Eldar Shafir, the William Stewart Tod Professor of Psychology and Public Affairs, will serve as the center's first director. A Princeton faculty member since 1989, he studies how people make judgments in situations of conflict and uncertainty, focusing in particular on decision making in the context of poverty. He was a member of President Barack Obama's Advisory Council on Financial Capability and is the co-author of the 2013 book "Scarcity: Why Having Too Little Means So Much."
Rouse said the center has the potential to generate new collaborations with outside initiatives like ideas42, a social science research and development lab co-founded by Shafir. The lab seeks behaviorally informed solutions to such problems as energy consumption and health care coverage in the United States, financial access for the poor, lending practices in developing countries, and educational opportunities in low-income communities.
While Kahneman's work inspired that of Shafir and others associated with the new center, it was Treisman's research that first captured the attention of the donor.
"I first learned about Anne Treisman's work in the 1970s, and was deeply impressed with her insights on how attention shapes perception and psycholinguistics," said the donor, who has a longtime personal interest in psychology and advanced degrees in the field as well as a successful career in the financial sector. "Professor Kahneman's groundbreaking work has provided us with a greater understanding of how human behavior influences economics and the financial markets.
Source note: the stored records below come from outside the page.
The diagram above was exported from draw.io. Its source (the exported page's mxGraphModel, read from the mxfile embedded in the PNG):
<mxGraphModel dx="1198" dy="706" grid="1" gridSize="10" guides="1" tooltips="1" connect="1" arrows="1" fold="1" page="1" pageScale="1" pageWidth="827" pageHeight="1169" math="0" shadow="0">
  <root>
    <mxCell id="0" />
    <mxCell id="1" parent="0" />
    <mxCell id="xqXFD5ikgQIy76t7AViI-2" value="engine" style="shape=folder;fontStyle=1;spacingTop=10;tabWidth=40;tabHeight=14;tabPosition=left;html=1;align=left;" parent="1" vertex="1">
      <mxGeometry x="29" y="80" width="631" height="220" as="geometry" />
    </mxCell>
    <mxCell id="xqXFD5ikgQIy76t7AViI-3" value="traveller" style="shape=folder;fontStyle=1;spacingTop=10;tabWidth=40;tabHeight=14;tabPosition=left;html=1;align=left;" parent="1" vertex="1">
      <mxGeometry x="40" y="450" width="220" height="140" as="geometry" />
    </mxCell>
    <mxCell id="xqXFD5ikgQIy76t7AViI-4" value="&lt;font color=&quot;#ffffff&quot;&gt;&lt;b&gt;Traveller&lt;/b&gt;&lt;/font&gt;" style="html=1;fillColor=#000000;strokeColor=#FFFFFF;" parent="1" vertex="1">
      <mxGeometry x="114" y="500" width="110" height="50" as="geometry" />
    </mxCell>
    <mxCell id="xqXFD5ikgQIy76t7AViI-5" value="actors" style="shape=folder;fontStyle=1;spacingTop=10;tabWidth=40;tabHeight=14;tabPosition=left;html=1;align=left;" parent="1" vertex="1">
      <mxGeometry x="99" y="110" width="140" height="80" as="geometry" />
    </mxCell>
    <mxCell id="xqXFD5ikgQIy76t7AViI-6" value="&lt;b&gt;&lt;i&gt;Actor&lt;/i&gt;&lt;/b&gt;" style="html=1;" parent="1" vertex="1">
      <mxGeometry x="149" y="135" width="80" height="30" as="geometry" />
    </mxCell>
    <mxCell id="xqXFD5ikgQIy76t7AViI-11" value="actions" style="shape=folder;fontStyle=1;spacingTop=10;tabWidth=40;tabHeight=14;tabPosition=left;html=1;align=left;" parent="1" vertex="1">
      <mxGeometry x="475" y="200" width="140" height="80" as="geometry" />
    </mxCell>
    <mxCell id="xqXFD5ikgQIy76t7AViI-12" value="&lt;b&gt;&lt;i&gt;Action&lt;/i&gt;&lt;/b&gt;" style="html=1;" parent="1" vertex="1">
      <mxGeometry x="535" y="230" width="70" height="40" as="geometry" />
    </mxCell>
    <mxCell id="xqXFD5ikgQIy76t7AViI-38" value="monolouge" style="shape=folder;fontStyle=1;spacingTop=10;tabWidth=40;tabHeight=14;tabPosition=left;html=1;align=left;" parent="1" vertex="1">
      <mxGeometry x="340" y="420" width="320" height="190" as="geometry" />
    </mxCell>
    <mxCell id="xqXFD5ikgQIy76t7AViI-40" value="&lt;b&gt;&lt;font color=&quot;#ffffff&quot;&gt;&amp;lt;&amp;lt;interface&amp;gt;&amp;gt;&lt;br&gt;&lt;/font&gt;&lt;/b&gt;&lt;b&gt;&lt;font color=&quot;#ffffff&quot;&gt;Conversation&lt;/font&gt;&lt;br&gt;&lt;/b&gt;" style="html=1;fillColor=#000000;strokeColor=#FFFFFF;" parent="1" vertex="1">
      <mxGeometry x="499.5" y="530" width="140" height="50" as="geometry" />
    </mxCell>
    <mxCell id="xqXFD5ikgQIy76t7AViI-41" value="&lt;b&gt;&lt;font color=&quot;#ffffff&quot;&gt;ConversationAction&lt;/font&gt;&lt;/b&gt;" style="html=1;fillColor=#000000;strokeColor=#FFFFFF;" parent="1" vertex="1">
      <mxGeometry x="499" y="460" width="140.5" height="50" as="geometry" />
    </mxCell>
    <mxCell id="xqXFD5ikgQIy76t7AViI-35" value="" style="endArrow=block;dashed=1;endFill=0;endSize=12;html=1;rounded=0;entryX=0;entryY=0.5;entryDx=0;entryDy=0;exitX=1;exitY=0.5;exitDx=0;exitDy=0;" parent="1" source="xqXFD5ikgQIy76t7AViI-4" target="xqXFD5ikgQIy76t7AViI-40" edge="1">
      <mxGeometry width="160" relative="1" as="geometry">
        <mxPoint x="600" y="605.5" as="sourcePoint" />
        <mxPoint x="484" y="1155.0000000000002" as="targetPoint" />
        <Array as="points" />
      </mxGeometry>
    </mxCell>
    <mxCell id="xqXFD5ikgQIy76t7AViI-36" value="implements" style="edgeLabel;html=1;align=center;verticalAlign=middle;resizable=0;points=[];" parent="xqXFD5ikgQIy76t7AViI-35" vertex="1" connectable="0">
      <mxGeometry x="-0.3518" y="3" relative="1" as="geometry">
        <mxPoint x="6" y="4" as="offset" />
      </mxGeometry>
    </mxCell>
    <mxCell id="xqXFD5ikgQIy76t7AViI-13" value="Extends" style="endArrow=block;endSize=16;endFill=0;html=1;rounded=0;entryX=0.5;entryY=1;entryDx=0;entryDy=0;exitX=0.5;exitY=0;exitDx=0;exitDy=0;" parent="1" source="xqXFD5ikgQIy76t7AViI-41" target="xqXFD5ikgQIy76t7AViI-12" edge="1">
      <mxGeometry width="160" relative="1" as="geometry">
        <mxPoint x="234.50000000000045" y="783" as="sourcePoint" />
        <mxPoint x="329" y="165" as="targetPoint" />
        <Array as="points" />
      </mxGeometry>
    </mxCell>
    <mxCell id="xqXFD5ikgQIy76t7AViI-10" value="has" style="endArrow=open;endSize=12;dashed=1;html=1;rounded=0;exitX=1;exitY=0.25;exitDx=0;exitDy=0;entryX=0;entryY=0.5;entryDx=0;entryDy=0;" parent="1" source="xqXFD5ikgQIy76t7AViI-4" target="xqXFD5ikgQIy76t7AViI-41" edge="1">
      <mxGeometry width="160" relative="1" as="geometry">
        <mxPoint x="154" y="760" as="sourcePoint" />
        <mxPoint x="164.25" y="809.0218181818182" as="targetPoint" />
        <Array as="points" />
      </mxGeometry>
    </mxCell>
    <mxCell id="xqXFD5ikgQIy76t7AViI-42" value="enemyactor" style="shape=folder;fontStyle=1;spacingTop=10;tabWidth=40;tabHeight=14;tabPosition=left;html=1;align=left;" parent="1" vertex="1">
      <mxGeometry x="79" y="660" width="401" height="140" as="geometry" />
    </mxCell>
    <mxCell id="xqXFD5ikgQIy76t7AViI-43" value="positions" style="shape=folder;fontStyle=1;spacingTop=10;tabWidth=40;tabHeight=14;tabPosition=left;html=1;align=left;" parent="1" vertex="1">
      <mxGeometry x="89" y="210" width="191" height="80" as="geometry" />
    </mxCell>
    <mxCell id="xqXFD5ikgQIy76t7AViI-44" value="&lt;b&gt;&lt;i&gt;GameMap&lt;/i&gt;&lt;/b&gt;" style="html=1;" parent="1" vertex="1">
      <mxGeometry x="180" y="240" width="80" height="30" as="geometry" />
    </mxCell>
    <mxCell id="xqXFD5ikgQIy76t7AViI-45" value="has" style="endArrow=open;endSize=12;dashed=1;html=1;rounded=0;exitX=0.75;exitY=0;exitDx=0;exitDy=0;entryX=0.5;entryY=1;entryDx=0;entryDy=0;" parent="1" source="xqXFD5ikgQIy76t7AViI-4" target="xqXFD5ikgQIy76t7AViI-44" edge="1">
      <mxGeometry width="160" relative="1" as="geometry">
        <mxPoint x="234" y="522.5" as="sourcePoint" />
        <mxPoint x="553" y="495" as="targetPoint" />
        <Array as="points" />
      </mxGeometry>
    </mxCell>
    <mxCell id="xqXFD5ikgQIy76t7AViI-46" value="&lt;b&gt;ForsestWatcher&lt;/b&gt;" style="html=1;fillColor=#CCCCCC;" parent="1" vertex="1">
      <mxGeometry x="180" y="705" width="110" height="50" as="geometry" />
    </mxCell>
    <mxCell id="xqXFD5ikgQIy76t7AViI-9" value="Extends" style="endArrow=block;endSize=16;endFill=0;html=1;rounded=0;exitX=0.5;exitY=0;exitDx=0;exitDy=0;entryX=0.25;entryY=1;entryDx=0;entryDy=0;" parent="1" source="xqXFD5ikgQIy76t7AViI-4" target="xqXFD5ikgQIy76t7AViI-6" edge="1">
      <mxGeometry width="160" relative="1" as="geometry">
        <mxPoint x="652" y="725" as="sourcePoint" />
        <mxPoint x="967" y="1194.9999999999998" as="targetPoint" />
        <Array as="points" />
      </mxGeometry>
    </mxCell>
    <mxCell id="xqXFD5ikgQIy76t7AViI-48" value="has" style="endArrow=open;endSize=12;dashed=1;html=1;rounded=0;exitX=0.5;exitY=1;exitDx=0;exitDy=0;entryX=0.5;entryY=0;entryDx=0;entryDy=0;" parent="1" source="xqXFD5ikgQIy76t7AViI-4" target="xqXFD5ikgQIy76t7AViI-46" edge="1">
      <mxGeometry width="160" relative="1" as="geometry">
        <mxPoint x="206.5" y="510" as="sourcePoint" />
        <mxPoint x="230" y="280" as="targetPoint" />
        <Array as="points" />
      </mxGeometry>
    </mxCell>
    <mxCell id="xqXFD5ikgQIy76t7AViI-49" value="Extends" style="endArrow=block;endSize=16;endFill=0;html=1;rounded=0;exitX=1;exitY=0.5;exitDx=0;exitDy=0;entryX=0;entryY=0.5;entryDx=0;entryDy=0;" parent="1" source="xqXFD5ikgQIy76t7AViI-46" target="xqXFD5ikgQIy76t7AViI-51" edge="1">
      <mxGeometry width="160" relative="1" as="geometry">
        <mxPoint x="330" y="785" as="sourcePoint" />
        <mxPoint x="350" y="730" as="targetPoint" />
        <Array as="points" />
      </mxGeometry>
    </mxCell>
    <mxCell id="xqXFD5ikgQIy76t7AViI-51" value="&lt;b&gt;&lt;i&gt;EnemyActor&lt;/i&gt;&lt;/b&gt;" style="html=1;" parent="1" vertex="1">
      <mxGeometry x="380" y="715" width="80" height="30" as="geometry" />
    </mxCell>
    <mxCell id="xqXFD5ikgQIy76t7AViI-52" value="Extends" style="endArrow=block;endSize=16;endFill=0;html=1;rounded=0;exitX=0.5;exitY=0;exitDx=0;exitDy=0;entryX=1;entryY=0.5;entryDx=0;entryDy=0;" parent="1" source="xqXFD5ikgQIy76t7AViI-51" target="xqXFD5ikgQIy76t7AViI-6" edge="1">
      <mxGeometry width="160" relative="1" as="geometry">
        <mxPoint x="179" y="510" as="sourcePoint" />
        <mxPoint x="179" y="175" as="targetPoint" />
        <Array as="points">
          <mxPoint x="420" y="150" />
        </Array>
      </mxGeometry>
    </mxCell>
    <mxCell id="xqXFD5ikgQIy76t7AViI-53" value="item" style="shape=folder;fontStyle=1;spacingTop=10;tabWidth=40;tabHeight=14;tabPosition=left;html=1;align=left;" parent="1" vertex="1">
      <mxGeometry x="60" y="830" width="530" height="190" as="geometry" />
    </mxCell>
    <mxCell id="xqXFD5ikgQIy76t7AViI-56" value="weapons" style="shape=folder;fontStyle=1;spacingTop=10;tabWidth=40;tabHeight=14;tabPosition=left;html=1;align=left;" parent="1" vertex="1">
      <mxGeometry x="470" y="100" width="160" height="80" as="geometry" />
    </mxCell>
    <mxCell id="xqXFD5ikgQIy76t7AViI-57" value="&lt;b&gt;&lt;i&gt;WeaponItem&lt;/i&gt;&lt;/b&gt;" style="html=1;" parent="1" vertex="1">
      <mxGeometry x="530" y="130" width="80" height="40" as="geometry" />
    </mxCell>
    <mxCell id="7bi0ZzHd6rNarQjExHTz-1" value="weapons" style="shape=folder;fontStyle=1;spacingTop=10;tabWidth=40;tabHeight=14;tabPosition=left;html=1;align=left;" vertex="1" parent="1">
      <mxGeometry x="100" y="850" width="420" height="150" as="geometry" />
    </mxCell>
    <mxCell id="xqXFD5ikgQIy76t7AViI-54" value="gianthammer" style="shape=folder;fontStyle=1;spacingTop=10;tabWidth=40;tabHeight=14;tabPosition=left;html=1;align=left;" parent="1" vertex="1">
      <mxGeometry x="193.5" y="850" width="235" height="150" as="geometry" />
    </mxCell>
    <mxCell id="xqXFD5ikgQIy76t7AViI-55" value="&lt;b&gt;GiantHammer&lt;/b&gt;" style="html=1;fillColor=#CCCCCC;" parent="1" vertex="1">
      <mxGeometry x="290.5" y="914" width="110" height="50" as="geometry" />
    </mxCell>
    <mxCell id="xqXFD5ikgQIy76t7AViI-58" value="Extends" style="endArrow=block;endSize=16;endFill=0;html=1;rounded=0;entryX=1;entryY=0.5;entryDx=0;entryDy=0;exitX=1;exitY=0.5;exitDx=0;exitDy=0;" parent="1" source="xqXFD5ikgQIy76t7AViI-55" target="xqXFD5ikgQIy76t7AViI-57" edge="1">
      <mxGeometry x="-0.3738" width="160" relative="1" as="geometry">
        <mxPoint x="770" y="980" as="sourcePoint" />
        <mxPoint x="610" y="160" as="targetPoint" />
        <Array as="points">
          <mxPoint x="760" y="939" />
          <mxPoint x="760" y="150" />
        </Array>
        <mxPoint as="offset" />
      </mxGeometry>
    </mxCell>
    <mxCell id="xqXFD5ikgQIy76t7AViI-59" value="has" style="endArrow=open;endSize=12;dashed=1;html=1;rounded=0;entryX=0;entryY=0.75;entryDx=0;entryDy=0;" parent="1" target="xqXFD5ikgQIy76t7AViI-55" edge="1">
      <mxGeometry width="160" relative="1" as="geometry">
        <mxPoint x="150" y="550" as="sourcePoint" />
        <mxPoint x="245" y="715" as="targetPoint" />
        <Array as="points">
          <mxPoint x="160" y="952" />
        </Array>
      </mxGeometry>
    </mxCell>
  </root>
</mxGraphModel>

It raised the recognition of the importance of psychology within the social sciences. I'm thrilled with the opportunity to honor these two outstanding Princeton faculty members, and I look forward to this center's contributions to clarifying issues such as income inequality and clashes between cultures."
Kahneman and Treisman, who are husband and wife, said they are honored that the center has been named for them.
"I find deep satisfaction in the idea of a continuing connection with Princeton through the center," Treisman said. Kahneman added, "I am confident that great things will be accomplished in the center, and personally gratified that Anne and I are joined in its name."
Treisman, who has made major contributions to the understanding of attention and perception in her exploration of how brains build meaningful images from visual information, joined the faculty in 1993 and transferred to emeritus status in 2010. She received the National Medal of Science, the nation's highest scientific honor, in 2013. She also has earned the Warren Medal of the Society of Experimental Psychologists, the Grawemeyer Award in Psychology, the Cognitive Neuroscience Society's George A. Miller Award and the Golden Brain Award from the Minerva Foundation.
A faculty member at Princeton from 1993 until his transfer to emeritus status in 2007, Kahneman has received numerous awards in addition to the Nobel Prize, including the Presidential Medal of Freedom in 2013, the Hilgard Award for Lifetime Contribution to General Psychology and the Warren Medal of the Society of Experimental Psychologists. In 2011, he was named a distinguished fellow of the American Economic Association, and the American Psychological Association recognized him with its Lifetime Contribution Award in 2007.